Sie möchten Ihre Haare selbst färben und möchten die Gefahr für Ihre Haare dabei möglichst gering halten? Dieser Wunsch lässt sich leichter erfüllen, als Sie vielleicht glauben. Wenn Sie sich an einige Hinweise halten, wird es Ihnen schon bald nicht mehr schwerfallen Ihre Haare selbst zu färben und Sie können sich über das Ergebnis freuen.
- 23.05.2011 Annemarie Kremser
Was Sie benötigen
Dafür brauchen Sie beide Hände
- alte Kleidung
- Handschuhe
- alte Handtücher
- Haarfarbe
- Zeit
- Ruhe
- eventuell Hilfe von Freunden
So gelingt das Experiment mit Ihren Haaren
- Zuerst einmal ist es wichtig, dass Sie sich entscheiden, ob Sie Ihre Haare färben oder tönen möchten. Wenn Sie sich noch nie zuvor an Haarfarben herangewagt haben, ist es sinnvoller die Haare zuerst einmal zu tönen. Der Vorteil des Tönens liegt darin, dass die Farbe auswaschbar ist. Falls Sie also nicht überall gleich stark angeht oder Ihnen der Farbton nicht gefällt, müssen Sie diesen Zustand nicht allzu lange ertragen. Außerdem schädigt Tönen die Haare nicht so stark wie Färben, da die Farbe nicht in die Tiefen des Haares eindringt, sondern sich nur auf die Oberfläche legt.
- Achten Sie außerdem darauf qualitativ hochwertige Farben zu kaufen, da diese die Basis für ein schönes Ergebnis auf Ihren Haaren bilden. Besonders einfach anzuwenden sind beispielsweise Farben, die sich als Schaum auftragen lassen. In diesem Fall hält sich gerade die Gefahr bei Anfängern in Grenzen, da das Haarefärben bei diesen Farben fast wie Haarewaschen funktioniert.
- Je nachdem, ob Sie sich für eine Farbe oder Tönung entscheiden, hält die Farbe zwischen vier und 10 Haarwäschen oder sogar dauerhaft. Sie müssen sich jedoch darüber im Klaren sein, dass gerade dunkel gefärbte Haare sehr schwer wieder zu verändern sind. Überlegen Sie sich diesen Schritt deshalb gut, da das Herauswachsenlassen viel Zeit und Geduld in Anspruch nimmt.
So halten Sie die Gefahr beim Färben gering
- Bevor Sie beginnen Ihre Haare zu färben, sollten Sie einige Vorbereitungen treffen. Bekleiden Sie sich mit alter Kleidung, die schmutzig werden darf. Die Haarfarbe tropft meistens und kann unschöne Flecken auf der Kleidung hinterlassen. Legen Sie den Boden mit alten Handtüchern aus und legen Sie sich zusätzlich alte Handtücher bereit, mit denen Sie sich die frisch gefärbten Haare anschließend abtrocknen können.
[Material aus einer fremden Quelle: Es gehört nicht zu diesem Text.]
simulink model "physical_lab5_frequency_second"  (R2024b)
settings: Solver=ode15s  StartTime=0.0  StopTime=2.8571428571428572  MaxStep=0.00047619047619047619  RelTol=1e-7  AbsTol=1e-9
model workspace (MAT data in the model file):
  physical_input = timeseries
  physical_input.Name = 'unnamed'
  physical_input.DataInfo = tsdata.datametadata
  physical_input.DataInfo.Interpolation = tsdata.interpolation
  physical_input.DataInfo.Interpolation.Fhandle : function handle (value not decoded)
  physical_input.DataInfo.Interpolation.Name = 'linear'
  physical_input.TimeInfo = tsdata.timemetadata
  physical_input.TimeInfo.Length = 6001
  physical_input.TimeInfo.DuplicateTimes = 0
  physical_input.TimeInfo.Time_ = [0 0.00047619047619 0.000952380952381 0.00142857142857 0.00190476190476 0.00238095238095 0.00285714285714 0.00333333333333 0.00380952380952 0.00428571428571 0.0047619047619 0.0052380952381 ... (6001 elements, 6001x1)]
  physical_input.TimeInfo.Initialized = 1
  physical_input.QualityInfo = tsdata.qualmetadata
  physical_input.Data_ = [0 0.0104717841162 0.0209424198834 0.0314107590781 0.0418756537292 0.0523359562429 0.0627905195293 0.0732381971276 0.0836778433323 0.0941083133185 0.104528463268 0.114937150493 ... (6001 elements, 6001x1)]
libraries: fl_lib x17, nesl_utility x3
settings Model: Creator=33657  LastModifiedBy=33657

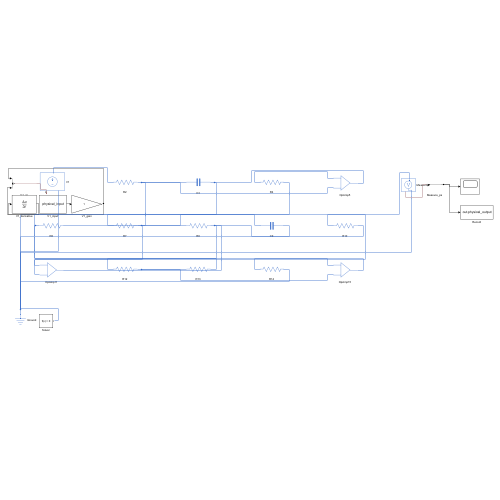
[thumbnail: Simulink's stored preview of the top-level diagram]
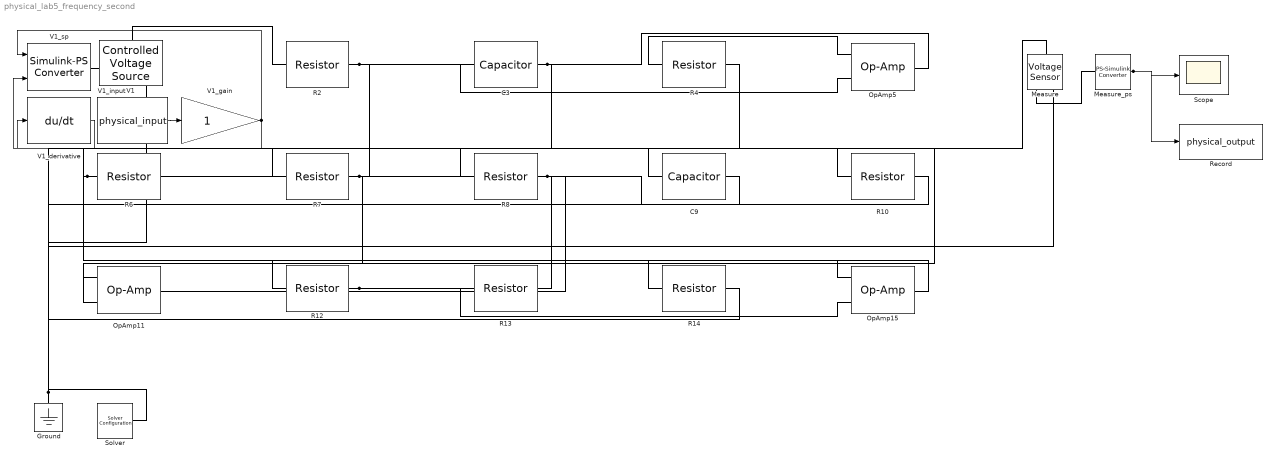
== system physical_lab5_frequency_second ==
  C3 : fl_lib/Electrical/Electrical Elements/Capacitor  c=9.9999999999999995e-07 F  r=0 Ohm  g=0 1/Ohm  i_specify=off  i_priority=None  i=0 A  i_nominal_specify=off  i_nominal_value=1  i_nominal_unit=A  v_specify=off  v_priority=None  v=0 V  v_nominal_specify=off  v_nominal_value=1  v_nominal_unit=V  vc_specify=off  vc_priority=High  vc=0 V  vc_nominal_specify=off  vc_nominal_value=1  vc_nominal_unit=V
  C9 : fl_lib/Electrical/Electrical Elements/Capacitor  c=9.9999999999999995e-07 F  r=0 Ohm  g=0 1/Ohm  i_specify=off  i_priority=None  i=0 A  i_nominal_specify=off  i_nominal_value=1  i_nominal_unit=A  v_specify=off  v_priority=None  v=0 V  v_nominal_specify=off  v_nominal_value=1  v_nominal_unit=V  vc_specify=off  vc_priority=High  vc=0 V  vc_nominal_specify=off  vc_nominal_value=1  vc_nominal_unit=V
  Ground : fl_lib/Electrical/Electrical Elements/Electrical Reference
  Measure : fl_lib/Electrical/Electrical Sensors/Voltage Sensor
  Measure_ps : nesl_utility/PS-Simulink Converter  PhysicalDomain=network_engine_domain  SubClassName=ps_output  LeftPortType=input  RightPortType=output  PseudoPeriodic=off  Frequencies=[]  VectorFormat=inherit  Unit=V  AffineConversion=off
  OpAmp11 : fl_lib/Electrical/Electrical Elements/Op-Amp  outI_specify=off  outI_priority=None  outI=0 A  outI_nominal_specify=off  outI_nominal_value=1  outI_nominal_unit=A
  OpAmp15 : fl_lib/Electrical/Electrical Elements/Op-Amp  outI_specify=off  outI_priority=None  outI=0 A  outI_nominal_specify=off  outI_nominal_value=1  outI_nominal_unit=A
  OpAmp5 : fl_lib/Electrical/Electrical Elements/Op-Amp  outI_specify=off  outI_priority=None  outI=0 A  outI_nominal_specify=off  outI_nominal_value=1  outI_nominal_unit=A
  R{2,4,6..8,10,12,14} (8 alike) : fl_lib/Electrical/Electrical Elements/Resistor  R=100000 Ohm  i_specify=off  i_priority=None  i=0 A  i_nominal_specify=off  i_nominal_value=1  i_nominal_unit=A  v_specify=off  v_priority=None  v=0 V  v_nominal_specify=off  v_nominal_value=1  v_nominal_unit=V
  R13 : fl_lib/Electrical/Electrical Elements/Resistor  R=500000.00000000006 Ohm  i_specify=off  i_priority=None  i=0 A  i_nominal_specify=off  i_nominal_value=1  i_nominal_unit=A  v_specify=off  v_priority=None  v=0 V  v_nominal_specify=off  v_nominal_value=1  v_nominal_unit=V
  Record : ToWorkspace  VariableName=physical_output  SaveFormat=Timeseries  SampleTime=-1
  Scope : Scope
  Solver : nesl_utility/Solver Configuration  PhysicalDomain=network_engine_domain  SubClassName=solver  LeftPortType=input  RightPortType=generic  Tones=[]  Harmonics=[]  SimulateNoise=off  Profile=off  UseLocalSampling=off  EnableSwitchedLinearOptims=on  FrequencyDomain=off  UseCCode=off  RelTol=0.001  AbsTol=0.001  MinStep=1e-09  ToWorkspace=off  RevertToSquareIcSolve=off  NumHomotopyIterations=100  PhasorMode=off  PhasorModeNumHarmonics=1  ConsistencySolver=NEWTON_XTOL_AFTER_FTOL  IndexReductionMethod=DerivativeReplacement  DoDC=off  ResidualTolerance=1e-09  ConsistencyTolSource=GLOBAL  ConsistencyAbsTol=0.001  ConsistencyRelTol=0.001  ConsistencyTolFactor=0.001  UseLocalSolver=off  LocalSolverChoice=NE_BACKWARD_EULER_ADVANCER  ResolveIndetEquations=on  FunctionEvalNumThread=1  LocalSolverSampleTime=0.001  DoFixedCost=off  MaxNonlinIter=3  MaxModeIter=2  ComputeImpulses=off  ImpulseIterations=2  LinearAlgebra=auto  LinearAlgebraNumThread=0  EquationFormulation=NE_TIME_EF  DelaysMemoryBudget=1024  AutomaticFiltering=on  FilteringTimeConstant=0.001  PartitionStorageMethod=AS_NEEDED  PartitionMemoryBudget=1024  PartitionMethod=ROBUST  MultibodyUseLocalSolver=off  MultibodyLocalSolverChoice=ODE1  MultibodyLocalSolverSampleTime=0.001
  V1 : fl_lib/Electrical/Electrical Sources/Controlled Voltage Source
  V1_derivative : Derivative
  V1_gain : Gain
  V1_input : FromWorkspace  VariableName=physical_input
  V1_sp : nesl_utility/Simulink-PS Converter  PhysicalDomain=network_engine_domain  SubClassName=ps_input  LeftPortType=input  RightPortType=output  PseudoPeriodic=off  Frequencies=[]  NoiseDistribution=none  NoiseParameters=[]  Unit=V  AffineConversion=off  FilteringAndDerivatives=provide  SimscapeFilterOrder=1  InputFilterTimeConstant=0.001  UdotUserProvided=1
  wires:
  V1_input/1 -> V1_gain/1
  V1_gain/1 -> V1_derivative/1, V1_sp/1
  V1_derivative/1 -> V1_sp/2
  Measure_ps/1 -> Scope/1, Record/1
  connections:
  Solver/RConn1 -- Ground/LConn1 -- V1/RConn2 -- R4/RConn1 -- R10/RConn1 -- R14/RConn1 -- Measure/RConn2
  V1_sp/RConn1 -- V1/RConn1
  V1/LConn1 -- R2/LConn1
  C3/LConn1 -- R2/RConn1 -- OpAmp5/LConn2 -- R6/RConn1
  R4/LConn1 -- OpAmp5/LConn1
  OpAmp5/RConn1 -- C3/RConn1 -- R7/LConn1
  R8/LConn1 -- R7/RConn1 -- C9/LConn1 -- OpAmp11/LConn2
  C9/RConn1 -- R8/RConn1 -- OpAmp11/RConn1 -- R12/LConn1
  R10/LConn1 -- OpAmp11/LConn1
  R13/LConn1 -- R12/RConn1 -- OpAmp15/LConn2
  R13/RConn1 -- R6/LConn1 -- OpAmp15/RConn1 -- Measure/LConn1
  R14/LConn1 -- OpAmp15/LConn1
  Measure/RConn1 -- Measure_ps/LConn1

Außerdem sollten Sie von Anfang an Ihre Handschuhe tragen, um nicht mit den chemischen Farben in Berührung zu kommen.
- Achten Sie nun darauf die Haarfarbe möglichst schnell und gleichmäßig in Ihren Haaren zu verteilen. Je länger Sie warten, desto unterschiedlicher werden die Ergebnisse an der verschiedenen Stellen. Damit Sie wirklich alle Strähnen erwischen, ist es sinnvoll einen Kamm zum Verstreichen der Haarfarbe zu verwenden, nachdem Sie diese mit den Händen aufgetragen haben. Da die Haarsträhnen am Hinterkopf sehr schwer zu erreichen sind, können Sie sich hierbei Hilfe von Freunden einholen. Halten Sie sich bei der Einwirkzeit außerdem genau an die Anweisungen auf der Packung und spülen Sie Ihre Haare nach dem Färben aus, bis das Wasser klar ist. So vermeiden Sie unschöne Farbspuren auf Ihrem Kopfkissen.
- Um Ihre Haarfarbe nach den Färben möglichst lange und intensiv zu erhalten, sollten Sie außerdem auf Pflegeprodukte setzen, die speziell auf coloriertes Haar abgestimmt sind. Denken Sie auch daran, dass die Sonne Ihre Haare ausbleicht und diese somit heller werden. Spezielle Sprays können die Haare in der Sonne vor dem Ausbleichen schützen und sind gerade für den Urlaub am Strand zu empfehlen.